Através de uma nota oficial, o clube cita um relatório feito pela ONG Internacional Transgender Europe (TGEU), que mostra que o Brasil é o país que mais mata travestis e pessoas trans no mundo. Ainda de acordo com a nota, a Bahia é o terceiro estado em mortes violentas de pessoas LGBT (levantamento do Grupo Gay da Bahia).

"O futebol amplia a sua razão de existir quando cumpre o papel de geração de bem-estar e transformação da sociedade. O futebol une pessoas, reconcilia conflitos e promove igualdade. Diante do nosso time, assim como deveria ser na vida, todos somos iguais. Por outro lado, também se revela como reflexo da sociedade ao se ser, lamentável e paradoxalmente, um ambiente de reprodução de homofobia, machismo, racismo, transfobia e outra muitas formas de preconceito", diz parte da nota.

"Mudanças no futebol refletem na sociedade. Mudanças na sociedade refletem no futebol. Futebol e sociedade, portanto, são uma só coisa", completa o Bahia.

O dia 29 de janeiro passou a ser conhecido como Dia da Visibilidade Trans por causa de acontecimentos em 2004. Na oportunidade, 27 travestis, mulheres transexuais e homens transexuais entraram no Congresso Nacional para lançar a campanha "Travesti e Respeito".

Confira a nota na íntegra:

O Brasil é o país que mais mata travestis e pessoas trans no mundo, de acordo com o relatório da ONG Internacional Transgender Europe (TGEU). O número de assassinatos é três vezes maior que o do segundo colocado na pesquisa, o México.

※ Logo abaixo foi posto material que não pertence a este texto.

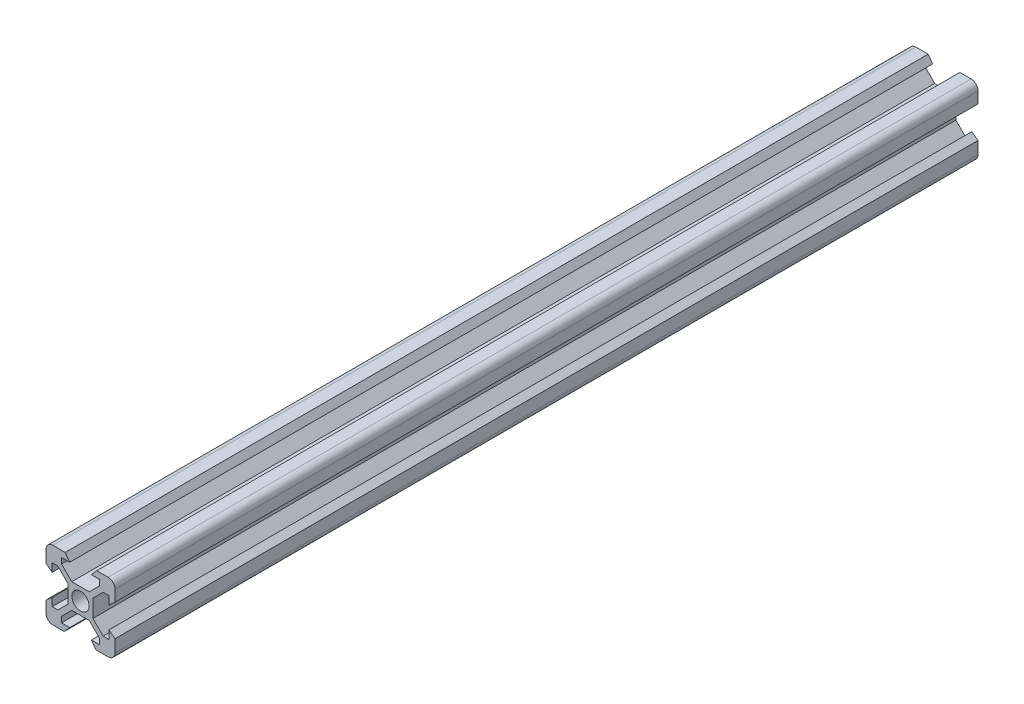
from build123d import *

# Parameters (mm, degrees)
SKETCH1_R           = 2.5
BOSS_EXTRUDE1_DEPTH = 250


with BuildPart() as part:
    # Sketch1 → Boss-Extrude1 (new body)
    with BuildSketch(Plane.XY):
        with BuildLine():
            Line((-4.725542729, -10), (-3.125, -8.2))
            Line((-3.125, -8.2), (-5.5, -8.2))
            Line((-5.5, -8.2), (-5.5, -6.560660172))
            Line((-5.5, -6.560660172), (-2.539339828, -3.6))
            Line((-2.539339828, -3.6), (2.539339828, -3.6))
            Line((2.539339828, -3.6), (5.5, -6.560660172))
            Line((5.5, -6.560660172), (5.5, -8.2))
            Line((5.5, -8.2), (3.125, -8.2))
            Line((3.125, -8.2), (4.434457271, -10))
            Line((4.434457271, -10), (8, -10))
            ThreePointArc((8, -10), (9.414213562, -9.414213562), (10, -8))
            Line((10, -8), (10, -4.434457271))
            Line((10, -4.434457271), (8.2, -3.125))
            Line((8.2, -3.125), (8.2, -5.5))
            Line((8.2, -5.5), (6.560660172, -5.5))
            Line((6.560660172, -5.5), (3.6, -2.539339828))
            Line((3.6, -2.539339828), (3.6, 2.539339828))
            Line((3.6, 2.539339828), (6.560660172, 5.5))
            Line((6.560660172, 5.5), (8.2, 5.5))
            Line((8.2, 5.5), (8.2, 3.125))
            Line((8.2, 3.125), (10, 4.725542729))
            Line((10, 4.725542729), (10, 8))
            ThreePointArc((10, 8), (9.414213562, 9.414213562), (8, 10))
            Line((8, 10), (4.725542729, 10))
            Line((4.725542729, 10), (3.125, 8.2))
            Line((3.125, 8.2), (5.5, 8.2))
            Line((5.5, 8.2), (5.5, 6.560660172))
            Line((5.5, 6.560660172), (2.539339828, 3.6))
            Line((2.539339828, 3.6), (-2.539339828, 3.6))
            Line((-2.539339828, 3.6), (-5.5, 6.560660172))
            Line((-5.5, 6.560660172), (-5.5, 8.2))
            Line((-5.5, 8.2), (-3.125, 8.2))
            Line((-3.125, 8.2), (-4.434457271, 10))
            Line((-4.434457271, 10), (-8, 10))
            ThreePointArc((-8, 10), (-9.414213562, 9.414213562), (-10, 8))
            Line((-10, 8), (-10, 4.434457271))
            Line((-10, 4.434457271), (-8.2, 3.125))
            Line((-8.2, 3.125), (-8.2, 5.5))
            Line((-8.2, 5.5), (-6.560660172, 5.5))
            Line((-6.560660172, 5.5), (-3.6, 2.539339828))
            Line((-3.6, 2.539339828), (-3.6, -2.539339828))
            Line((-3.6, -2.539339828), (-6.560660172, -5.5))
            Line((-6.560660172, -5.5), (-8.2, -5.5))
            Line((-8.2, -5.5), (-8.2, -3.125))
            Line((-8.2, -3.125), (-10, -4.725542729))
            Line((-10, -4.725542729), (-10, -8))
            ThreePointArc((-10, -8), (-9.414213562, -9.414213562), (-8, -10))
            Line((-8, -10), (-4.725542729, -10))
        make_face()
        Circle(SKETCH1_R, mode=Mode.SUBTRACT)
    extrude(amount=BOSS_EXTRUDE1_DEPTH)


solid = part.part

As pessoas que sobrevivem a esse massacre convivem diariamente com diversas formas de opressão, seja no ambiente familiar, nas ruas, nas escolas, nas faculdades, nas redes sociais ou no ambiente de trabalho – quando raramente conseguem acesso ao emprego.

Tal contexto acentua outro desafio relacionado às pessoas trans: a depressão. Um estudo do National Center for Transgender Equality revela que 40% das pessoas trans já tentaram acabar com a própria vida. Em outra pesquisa, na Universidade da Califórnia, revela-se que as pessoas trans pensam em suicídio 14 vezes mais em comparação à população geral.

Segundo levantamento do GGB, a Bahia é o 3º estado em mortes violentas de pessoas LGBT.

O futebol amplia a sua razão de existir quando cumpre o papel de geração de bem-estar e transformação da sociedade. O futebol une pessoas, reconcilia conflitos e promove igualdade. Diante do nosso time, assim como deveria ser na vida, todos somos iguais. Por outro lado, também se revela como reflexo da sociedade ao se ser, lamentável e paradoxalmente, um ambiente de reprodução de homofobia, machismo, racismo, transfobia e outra muitas formas de preconceito.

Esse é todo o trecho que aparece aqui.